This project is inspired by proto-extract, which itself is an inspiration from whatsmeow.
This is an iteration of the whole process of generating the Protobuf definitions. Both projects above are manually updated and depend on the maintainer to do this job. This means the Protobuf file, and its functions, may not represent the current state of the definition.
They are also not safely made and, although a minor detail, don't consider the default definitions.
Parsing the internal specification from the obfuscated file is messy at best, but it's what we have to deal with since WhatsApp itself doesn't share them officially.
This is an attempt to do that in the best way possible, without manual updating it every so often.
WhatsApp uses version 2 of Protocol Buffers. These aren't officially released but can be parsed away from the Web App JS.
WhatsApp Web needs to know the Protobuf definition, so this means the specification must be somewhere that the browser can access.
Funnily enough, specification variables and declarations aren't that obfuscated. A list of messages names are initialized to undefined (void 0)
and then assigned to their respective specification afterward:
internalSpec
: Defines a message
internalDefaults
: Defines the default values for properties of a message
We check for functions that have these assignments and store them as specification functions to parse later.
Cool! Now we need to glue those declarations together.
We need to have an internal Protobuf declaration that will be manipulated until the whole parse step is done. We do not need to respect every single Protobuf specification, only what we need to make this work, doing a simple tree-like structure.
In the specification functions, a list of names is initialized:
message1, message1$message2, message3, ... = void 0
These messages are the fully qualified names of the declarations they use! Although, a bit mangled...
message1$message2
means that message message1
has a nested message called message2
. We demangle those by splitting on the dollar sign ($)

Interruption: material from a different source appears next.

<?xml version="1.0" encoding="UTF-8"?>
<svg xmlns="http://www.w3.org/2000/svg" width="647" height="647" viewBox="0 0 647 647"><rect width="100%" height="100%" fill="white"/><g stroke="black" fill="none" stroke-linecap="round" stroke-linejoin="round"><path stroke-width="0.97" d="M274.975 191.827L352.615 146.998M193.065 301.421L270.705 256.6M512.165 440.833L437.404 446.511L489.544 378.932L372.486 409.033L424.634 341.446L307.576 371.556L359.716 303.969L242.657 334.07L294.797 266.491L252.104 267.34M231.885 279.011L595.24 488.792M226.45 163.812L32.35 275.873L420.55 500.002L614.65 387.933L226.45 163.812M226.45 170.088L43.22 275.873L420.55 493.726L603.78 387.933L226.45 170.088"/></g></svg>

and adding those to the internal Protobuf tree. There's an interesting detail though: Mangled names that end with Spec
are messages, otherwise, they are enums.
This is (probably?) a coincidence and will break if they add an enum with Spec
at the end, but until then we rely on this aspect. This can be easily mitigated if necessary.
After parsing those, we add them to our Protobuf tree: For each path, create if necessary.
After the initialization of names, the obfuscated file creates local variables for every name, and associates it with some name:
const local = {}
specificationName = local
For each one of these, we store the variable name and its associated specification name.
The local variable can be an empty object or an enum definition. Empty objects are messages, otherwise, they are enums. We only care if they are defining an enum:
const local = magicfunction({prop1: 1, prop2: 2})
specificationName = local
This is also the mitigation mentioned above: We don't need to rely on the name ending with Spec
since we can know which ones are an enum by their later association. We currently do this for convenience.
After these steps, we have Protobuf names and their respective local variables. The next lines are defining the message properties:
local1.internalSpec = {
property1: [1, a.TYPES.UINT32],
property2: [2, a.TYPES.MESSAGE, local2]
}
Nice! We can reference the local1
to its previously assigned specification name.
The array is composed of:
- ID
- Type
- Message or Enum being referenced, if it exists
To each one of these that we encounter, we loop over their items and keep adding to our internal Protobuf tree. A little caveat is that the referenced property can be a local variable or a previously declared specification: local2
or message1$message2
Defaults are also declared, although few:
local1.internalDefaults = {
property1: 1
}
property1
is a property declared in internalSpec
of local1
, with its respective default value.
Thats it!
At this point, we have everything we need to create the complete Protobuf. The next step is formatting it correctly and writing it into a file. This doesn't need an explanation and is very straightforward.
We package it in the simplest way possible, in the release folder. Inside the CI, we move the Protobuf and its generated JS/TS bindings to it and pack it all up.
To current knowledge, this is the extent that the Protobuf takes. If more details are declared elsewhere, it isn't considered; but can be if you share the information.